To See How Tired
Tuesday. Although there were clear patches of moonlit sky last night, making me think we might have clearer if not clear skies this morning, it's overcast and looking a little grim. Still, the mood is good, breakfast and the papers have been consumed and I'm thinking of doing this and that with reasonably good intentions. If not a walk later, then something else. So good. We can leave out the hup! hup! hups! They'll be back soon enough, probably tomorrow.
They're saying this is one of the colder, more rainy Mays the Bay Area has seen. Evidently the Jet Stream hasn't shifted northward, as it usually does, and we're getting what I assume is the Pacific Northwest's weather. OK. Sounds rational. Worldwide this has been the warmest first four months in the 130 years NASA has been keeping records, something many were thinking might happen with an El Niño in place. The sun itself is at some kind of solar minimum so one wonders if these warming predictions, bad enough in and of themselves, aren't occurring at a faster rate than anyone has been predicting. Off by a factor of two? Three? Bad things do happen. Fire and ice, either they say will suffice, when you're doing disasters.
But these thoughts, this gloom and doom chatter, are not what I'm up for this morning (Hup! Hup! Already?) If I'm going to obsess over immanent dangers, at my age anyway, better to focus on, say, earthquakes.
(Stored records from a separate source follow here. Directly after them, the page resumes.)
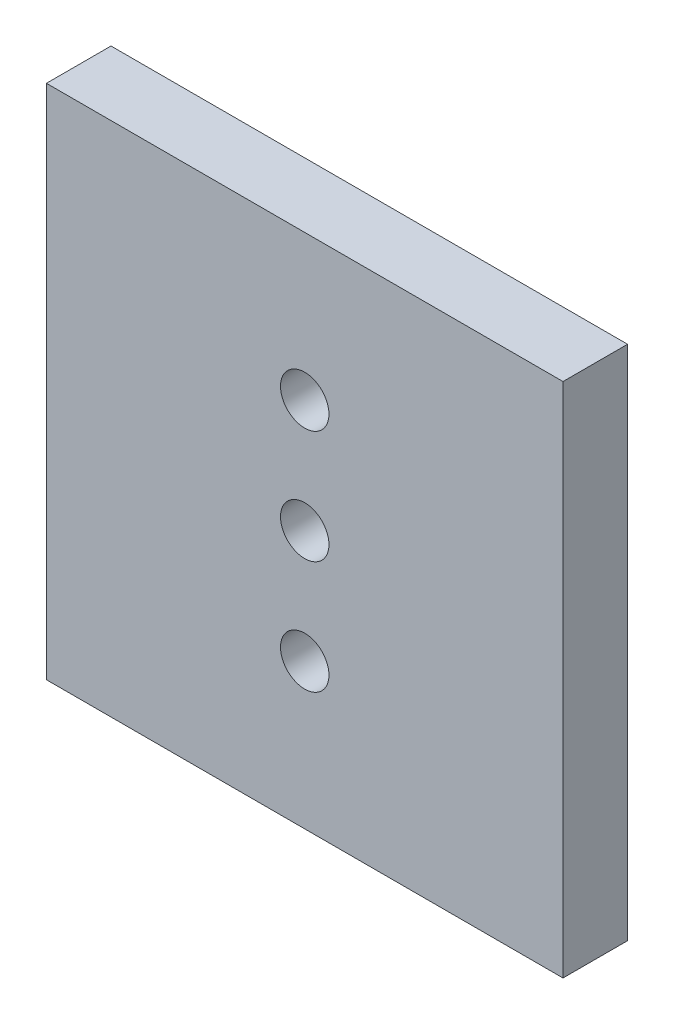
SolidWorks part; units mm, degrees
ref_plane "Front Plane" through (0, 0, 0) normal (0, 0, 1) x (1, 0, 0)
ref_plane "Top Plane" through (0, 0, 0) normal (0, 1, 0) x (1, 0, 0)
ref_plane "Right Plane" through (0, 0, 0) normal (1, 0, 0) x (0, 0, -1)
ref_plane "Plane1" through (0, 0, 300) normal (0, 0, 1) x (1, 0, 0)
sketch "Sketch1" plane through (0, 0, 300) normal (0, 0, 1) x (1, 0, 0)
  line L1 (268, 268) -> (332, 268)
  line L2 (268, 268) -> (268, 332)
  line L3 (268, 332) -> (332, 332)
  line L4 (332, 268) -> (332, 332)
extrude "Boss-Extrude1" add sketch "Sketch1" along normal blind 8
sketch "Sketch2" plane through (0, 0, 308) normal (0, 0, 1) x (1, 0, 0)
  circle A0 centre (300, 300) radius 3
extrude "Cut-Extrude1" cut sketch "Sketch2" against normal blind 28
sketch "Sketch3" plane through (0, 0, 308) normal (0, 0, 1) x (1, 0, 0)
  circle A0 centre (300, 314) radius 3
extrude "Cut-Extrude2" cut sketch "Sketch3" against normal blind 28
sketch "Sketch4" plane through (0, 0, 308) normal (0, 0, 1) x (1, 0, 0)
  circle A0 centre (300, 286) radius 3
extrude "Cut-Extrude3" cut sketch "Sketch4" against normal blind 28

No one disputes we've got a big one coming, no oil companies are paying people to say the scientists are fibbing. Still, preparing for an earthquake would mean moving one or two of my bookcases in the bedroom (so they don't fall on top of me as I'm sleeping), acquiring a hand cranked flashlight/radio to keep by the bed and keeping the camera batteries charged so they're ready (to photograph the destruction). None of which I'm going to do, of course, noting all the other useful and fulfilling tasks I've successfully avoided. Clever, those little hand cranked radios though.
Later. A bus downtown and then a walk back, meandering a bit, taking a longer way home, but slowly, stopping for coffee at the City Center, taking a couple of pictures, and then again just off Grand near the Christ the Light church at another Peet's. Lot's of Peet's in Oakland.
I did shoot one or two pictures along the way. Another photograph of the stump beside the sidewalk along Euclid near Grand. I kind of like that damned thing, makes me want to blow it up really big and see what it looks like when it's the size of a wall. I won't, of course, not today anyway. A photograph or two at the City Center drinking coffee, watching the people pass. I just watch, don't spend a lot of time spinning stories, making judgements. Judgements tell you more about yourself than they do about strangers. Still interesting to watch for a while before moving on. A photographer's habit.
This guy was really hobbling. I took the picture by placing the camera on the table pointed in his direction and tripped the shutter as I took what appeared to be an innocent sip of coffee. Why I just didn't just put the camera to my eye, point it and shoot I'm not sure. This isn't something I've done all that much in the past. He wasn't looking at me, he wasn't likely to look up. And did I mention he was hobbling? The cane beside his leg? I could have outrun him blindfolded, hopping on one leg in a gunny sack. Lack of courage on my part, a photograph that at other times I'd have just raised the camera and shot?
A sign on a fence along Grand. Not something that will ever see the inside of the San Francisco Museum of Modern Art, my photograph, but it caught my eye enough to take it and run it through Photoshop. “Best to follow your eye”, he repeats confidently (hup! hup!). Don't ask, just shoot. They're cheap, these pictures. He said.
This photograph to note the web address so I could take a look at it when I got home. This is a recently opened tattoo shop on Grand, not that far from my apartment, and I was curious as to what it was. I guess you can make a living doing tattoos in this new tattoo day and age, even in a middle class neighborhood filled with restaurants, apartment houses, smaller office buildings and, I guess, customers. What I've been noticing now for a while made it seem more than a tattoo parlor and I've been curious.
His bio is a bit florid, but I admit his background is interesting, an actual artist making a living out of an Oakland store front. Attempting a living. Lots of small restaurants, boutique shops and one assumes tattoo parlors going out of business on any given day these days in Oakland. Still though, an interesting development.
I take it from reading you're tired after your walk?
I'm not looking forward to re-reading this tomorrow to see how tired.